Prove the given identity. $$ \frac{\csc \theta}{\sin \theta}=\csc ^{2} \theta $$

Short Answer

Expert verified
The identity \( \frac{\text{csc} \theta}{\text{sin} \theta} = \text{csc}^{2} \theta \) is true because \( \frac{1}{\text{sin} \theta} \times \frac{1}{\text{sin} \theta} = \frac{1}{\text{sin}^{2} \theta} \).

Step by step solution

01

Understand the given identity

The given identity is \( \frac{\text{csc} \theta}{\text{sin} \theta} = \text{csc}^{2} \theta \). We need to prove that this identity is true.
02

Recall the definition of cosecant

Recall that \( \text{csc} \theta \) is the reciprocal of \(\text{sin} \theta \).
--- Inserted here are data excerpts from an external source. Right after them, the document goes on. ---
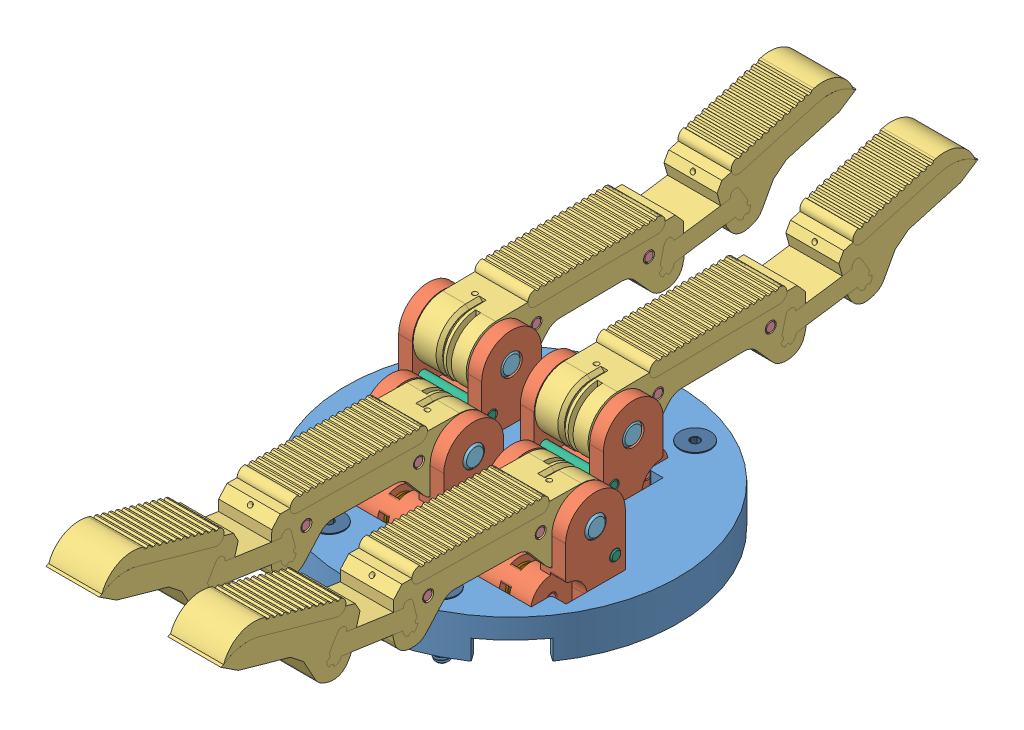
SolidWorks assembly block_top_pf_t, configuration Default. Lengths in mm.
Overall size (100 57.13 247.1).
49 component instances, 10 part files, 20 mates.
Components (placement in the parent):
- a1_p_t-1: a1_p_t [Default] at origin size (100 12 100)
- block_finger_pf_t-1: block_finger_pf_t [Default] at (9.2417 -4.5 0) size (25.4 45.69 121.76)
  - c1_t-1: c1_t [Default] at origin size (25 30.67 32)
  - finger_pf_t-1: finger_pf_t [Default] at (-0.15 21.67 -14.7858) x (1 0 0) z (0 -0.013363 0.999911) size (16 29.93 117.65)
  - 98381A472 D1-8 L5-8-1: 98381A472 D1-8 L5-8 [98381A472] at (-0.0875 23.995 -26.9308) size (15.88 3.17 3.17)
  - 98381A472 D1-8 L5-8-2: 98381A472 D1-8 L5-8 [98381A472] at (-0.0875 24.448 -60.8289) size (15.88 3.17 3.17)
  - 98381A542 D1-4 L1-1: 98381A542 D1-4 L1 [98381A542] at (-0.2 21.67 -14.7858) size (25.4 6.35 6.35)
  - 98381A475 D1-8 L1-1: 98381A475 D1-8 L1 [98381A475] at (-0.2 11.2575 -8.8732) size (25.4 3.17 3.17)
  - 98381A472 D1-8 L5-8-3: 98381A472 D1-8 L5-8 [98381A472] at (0.0625 4.925 -23.535) size (15.88 3.17 3.17)
  - 93365A120 4-40 insert-1: 93365A120 4-40 insert [93365A120] at (-0.15 27.5639 -100.2943) x (1 0 0) z (0 0.622567 -0.782567) size (4.37 3.82 4.37)
  - 91253A106 4-40 L1-4 countersunk-1: 91253A106 4-40 L1-4 countersunk [91253A106] at (-0.15 25.9039 -101.6148) x (1 0 0) z (0 -0.782567 -0.622567) size (6.48 6.48 6.63)
  - 3434T31 - nylon pulley-1: 3434T31 - nylon pulley [Default] at (-0.15 4.925 -23.535) x (0 -0.840446 -0.541896) z (0 -0.541896 0.840446) size (9.5 2.4 9.5)
- block_finger_pf_t-2: block_finger_pf_t [Default] at (-27.425 -4.5 0.0007) size (25.4 45.69 121.76)
  - c1_t-1: c1_t [Default] at origin size (25 30.67 32)
  - finger_pf_t-1: finger_pf_t [Default] at (-0.15 21.67 -14.7858) x (1 0 0) z (0 -0.013363 0.999911) size (16 29.93 117.65)
  - 98381A472 D1-8 L5-8-1: 98381A472 D1-8 L5-8 [98381A472] at (-0.0875 23.995 -26.9308) size (15.88 3.17 3.17)
  - 98381A472 D1-8 L5-8-2: 98381A472 D1-8 L5-8 [98381A472] at (-0.0875 24.448 -60.8289) size (15.88 3.17 3.17)
  - 98381A542 D1-4 L1-1: 98381A542 D1-4 L1 [98381A542] at (-0.2 21.67 -14.7858) size (25.4 6.35 6.35)
  - 98381A475 D1-8 L1-1: 98381A475 D1-8 L1 [98381A475] at (-0.2 11.2575 -8.8732) size (25.4 3.17 3.17)
  - 98381A472 D1-8 L5-8-3: 98381A472 D1-8 L5-8 [98381A472] at (0.0625 4.925 -23.535) size (15.88 3.17 3.17)
  - 93365A120 4-40 insert-1: 93365A120 4-40 insert [93365A120] at (-0.15 27.5639 -100.2943) x (1 0 0) z (0 0.622567 -0.782567) size (4.37 3.82 4.37)
  - 91253A106 4-40 L1-4 countersunk-1: 91253A106 4-40 L1-4 countersunk [91253A106] at (-0.15 25.9039 -101.6148) x (1 0 0) z (0 -0.782567 -0.622567) size (6.48 6.48 6.63)
  - 3434T31 - nylon pulley-1: 3434T31 - nylon pulley [Default] at (-0.15 4.925 -23.535) x (0 -0.840446 -0.541896) z (0 -0.541896 0.840446) size (9.5 2.4 9.5)
- block_finger_pf_t-3: block_finger_pf_t [Default] at (-9.2417 -4.5 0) x (-1 0 0) z (0 0 -1) size (25.4 45.69 121.76)
  - c1_t-1: c1_t [Default] at origin size (25 30.67 32)
  - finger_pf_t-1: finger_pf_t [Default] at (-0.15 21.67 -14.7858) x (1 0 0) z (0 -0.013363 0.999911) size (16 29.93 117.65)
  - 98381A472 D1-8 L5-8-1: 98381A472 D1-8 L5-8 [98381A472] at (-0.0875 23.995 -26.9308) size (15.88 3.17 3.17)
  - 98381A472 D1-8 L5-8-2: 98381A472 D1-8 L5-8 [98381A472] at (-0.0875 24.448 -60.8289) size (15.88 3.17 3.17)
  - 98381A542 D1-4 L1-1: 98381A542 D1-4 L1 [98381A542] at (-0.2 21.67 -14.7858) size (25.4 6.35 6.35)
  - 98381A475 D1-8 L1-1: 98381A475 D1-8 L1 [98381A475] at (-0.2 11.2575 -8.8732) size (25.4 3.17 3.17)
  - 98381A472 D1-8 L5-8-3: 98381A472 D1-8 L5-8 [98381A472] at (0.0625 4.925 -23.535) size (15.88 3.17 3.17)
  - 93365A120 4-40 insert-1: 93365A120 4-40 insert [93365A120] at (-0.15 27.5639 -100.2943) x (1 0 0) z (0 0.622567 -0.782567) size (4.37 3.82 4.37)
  - 91253A106 4-40 L1-4 countersunk-1: 91253A106 4-40 L1-4 countersunk [91253A106] at (-0.15 25.9039 -101.6148) x (1 0 0) z (0 -0.782567 -0.622567) size (6.48 6.48 6.63)
  - 3434T31 - nylon pulley-1: 3434T31 - nylon pulley [Default] at (-0.15 4.925 -23.535) x (0 -0.840446 -0.541896) z (0 -0.541896 0.840446) size (9.5 2.4 9.5)
- block_finger_pf_t-4: block_finger_pf_t [Default] at (27.425 -4.5 0) x (-1 0 0) z (0 0 -1) size (25.4 45.69 121.76)
  - c1_t-1: c1_t [Default] at origin size (25 30.67 32)
  - finger_pf_t-1: finger_pf_t [Default] at (-0.15 21.67 -14.7858) x (1 0 0) z (0 -0.013363 0.999911) size (16 29.93 117.65)
  - 98381A472 D1-8 L5-8-1: 98381A472 D1-8 L5-8 [98381A472] at (-0.0875 23.995 -26.9308) size (15.88 3.17 3.17)
  - 98381A472 D1-8 L5-8-2: 98381A472 D1-8 L5-8 [98381A472] at (-0.0875 24.448 -60.8289) size (15.88 3.17 3.17)
  - 98381A542 D1-4 L1-1: 98381A542 D1-4 L1 [98381A542] at (-0.2 21.67 -14.7858) size (25.4 6.35 6.35)
  - 98381A475 D1-8 L1-1: 98381A475 D1-8 L1 [98381A475] at (-0.2 11.2575 -8.8732) size (25.4 3.17 3.17)
  - 98381A472 D1-8 L5-8-3: 98381A472 D1-8 L5-8 [98381A472] at (0.0625 4.925 -23.535) size (15.88 3.17 3.17)
  - 93365A120 4-40 insert-1: 93365A120 4-40 insert [93365A120] at (-0.15 27.5639 -100.2943) x (1 0 0) z (0 0.622567 -0.782567) size (4.37 3.82 4.37)
  - 91253A106 4-40 L1-4 countersunk-1: 91253A106 4-40 L1-4 countersunk [91253A106] at (-0.15 25.9039 -101.6148) x (1 0 0) z (0 -0.782567 -0.622567) size (6.48 6.48 6.63)
  - 3434T31 - nylon pulley-1: 3434T31 - nylon pulley [Default] at (-0.15 4.925 -23.535) x (0 -0.840446 -0.541896) z (0 -0.541896 0.840446) size (9.5 2.4 9.5)
- 92210A197 8-32 L3-4 countersunk-1: 92210A197 8-32 L3-4 countersunk [92210A197] at (17.0093 1.7845 38.128) x (0.445326 0 -0.895368) z (0 1 0) size (9.12 9.12 19.5)
- 92210A197 8-32 L3-4 countersunk-2: 92210A197 8-32 L3-4 countersunk [92210A197] at (-17.0093 1.7845 38.128) x (1 0 0) z (0 1 0) size (9.12 9.12 19.5)
- 92210A197 8-32 L3-4 countersunk-3: 92210A197 8-32 L3-4 countersunk [92210A197] at (17.0093 1.7845 -38.128) x (0.865412 0 0.501062) z (0 1 0) size (9.12 9.12 19.5)
- 92210A197 8-32 L3-4 countersunk-4: 92210A197 8-32 L3-4 countersunk [92210A197] at (-17.0093 1.7845 -38.128) x (1 0 0) z (0 1 0) size (9.12 9.12 19.5)
Mates (geometry in assembly coordinates):
- Coincident1: coincident anti-aligned: plane of a1_p_t-1 through (-14.925 1.5 -5.7858) normal (-1 0 0); plane of block_finger_pf_t-2/c1_t-1 through (-14.925 17.17 -14.785) normal (1 0 0)
- Coincident2: coincident anti-aligned: plane of a1_p_t-1 through (-19.425 1.5 -29.7843) normal (0 0 1); plane of block_finger_pf_t-2/c1_t-1 through (-14.925 0.425 -29.7843) normal (0 0 -1)
- Coincident3: coincident anti-aligned: plane of a1_p_t-1 through (0 -1.5 0) normal (0 -1 0); plane of block_finger_pf_t-2/c1_t-1 through (-39.925 -1.5 -5.785) normal (0 1 0)
- Coincident4: coincident anti-aligned: plane of a1_p_t-1 through (21.7417 1.5 -5.7858) normal (-1 0 0); plane of block_finger_pf_t-1/c1_t-1 through (21.7417 17.17 -14.7858) normal (1 0 0)
- Coincident5: coincident anti-aligned: plane of a1_p_t-1 through (-3.4083 1.5 -5.7858) normal (0 0 -1); plane of block_finger_pf_t-1/c1_t-1 through (-3.2583 17.17 -5.7858) normal (0 0 1)
- Coincident6: coincident anti-aligned: plane of a1_p_t-1 through (0 -1.5 0) normal (0 -1 0); plane of block_finger_pf_t-1/c1_t-1 through (-3.2583 -1.5 -5.7858) normal (0 1 0)
- Coincident7: coincident anti-aligned: plane of a1_p_t-1 through (14.925 1.5 5.7858) normal (1 0 0); plane of block_finger_pf_t-4/c1_t-1 through (14.925 17.17 14.7858) normal (-1 0 0)
- Coincident8: coincident anti-aligned: plane of a1_p_t-1 through (40.075 1.5 5.7858) normal (0 0 1); plane of block_finger_pf_t-4/c1_t-1 through (39.925 17.17 5.7858) normal (0 0 -1)
- Coincident9: coincident anti-aligned: plane of a1_p_t-1 through (0 -1.5 0) normal (0 -1 0); plane of block_finger_pf_t-4/c1_t-1 through (39.925 -1.5 33.785) normal (0 1 0)
- Coincident10: coincident anti-aligned: plane of a1_p_t-1 through (-21.7417 1.5 23.7858) normal (1 0 0); plane of block_finger_pf_t-3/c1_t-1 through (-21.7417 17.17 14.7858) normal (-1 0 0)
- Coincident11: coincident anti-aligned: plane of a1_p_t-1 through (-21.7417 1.5 5.7858) normal (0 0 1); plane of block_finger_pf_t-3/c1_t-1 through (3.2583 17.17 5.7858) normal (0 0 -1)
- Coincident12: coincident anti-aligned: plane of a1_p_t-1 through (0 -1.5 0) normal (0 -1 0); plane of block_finger_pf_t-3/c1_t-1 through (3.2583 -1.5 5.7858) normal (0 1 0)
- Concentric1: concentric aligned: cylinder of a1_p_t-1 through (17.0093 1.5 38.128) axis (0 1 0) radius 2.4574; circle of 92210A197 8-32 L3-4 countersunk-1
- Coincident13: coincident aligned: cone of a1_p_t-1 through (17.0093 1.5 38.128) axis (0 -1 0); cone of 92210A197 8-32 L3-4 countersunk-1 through (17.0093 -1.0603 38.128) axis (0 -1 0)
- Concentric3: concentric aligned: cylinder of a1_p_t-1 through (17.0093 1.5 -38.128) axis (0 1 0) radius 2.4574; circle of 92210A197 8-32 L3-4 countersunk-3
- Coincident14: coincident aligned: cone of a1_p_t-1 through (17.0093 1.5 -38.128) axis (0 -1 0); cone of 92210A197 8-32 L3-4 countersunk-3 through (17.0093 -1.0603 -38.128) axis (0 -1 0)
- Concentric5: concentric aligned: cylinder of a1_p_t-1 through (-17.0093 1.5 -38.128) axis (0 1 0) radius 2.4574; circle of 92210A197 8-32 L3-4 countersunk-4
- Coincident15: coincident aligned: cone of a1_p_t-1 through (-17.0093 1.5 -38.128) axis (0 -1 0); cone of 92210A197 8-32 L3-4 countersunk-4 through (-17.0093 -1.0603 -38.128) axis (0 -1 0)
- Concentric7: concentric aligned: cylinder of a1_p_t-1 through (-17.0093 1.5 38.128) axis (0 1 0) radius 2.4574; circle of 92210A197 8-32 L3-4 countersunk-2
- Coincident16: coincident aligned: cone of a1_p_t-1 through (-17.0093 1.5 38.128) axis (0 -1 0); cone of 92210A197 8-32 L3-4 countersunk-2 through (-17.0093 -1.0603 38.128) axis (0 -1 0)

Therefore, \( \text{csc} \theta = \frac{1}{\text{sin} \theta} \).
03

Substitute the definition of csc θ into the left side of the equation

Substitute \( \frac{1}{\text{sin} \theta} \) for \( \text{csc} \theta \):\[ \frac{\text{csc} \theta}{\text{sin} \theta} = \frac{\frac{1}{\text{sin} \theta}}{\text{sin} \theta} \].
04

Simplify the expression

Simplify \( \frac{\frac{1}{\text{sin} \theta}}{\text{sin} \theta} \) by multiplying the numerator and the denominator:\[ \frac{\frac{1}{\text{sin} \theta}}{\text{sin} \theta} = \frac{1}{\text{sin} \theta} \times \frac{1}{\text{sin} \theta} = \frac{1}{\text{sin}^{2} \theta} \].
05

Recognize the equivalent form

Notice that \( \frac{1}{\text{sin}^{2} \theta} \) is exactly \(\text{csc}^{2} \theta \). Therefore, we have proved the identity:\[ \frac{\text{csc} \theta}{\text{sin} \theta} = \text{csc}^{2} \theta. \]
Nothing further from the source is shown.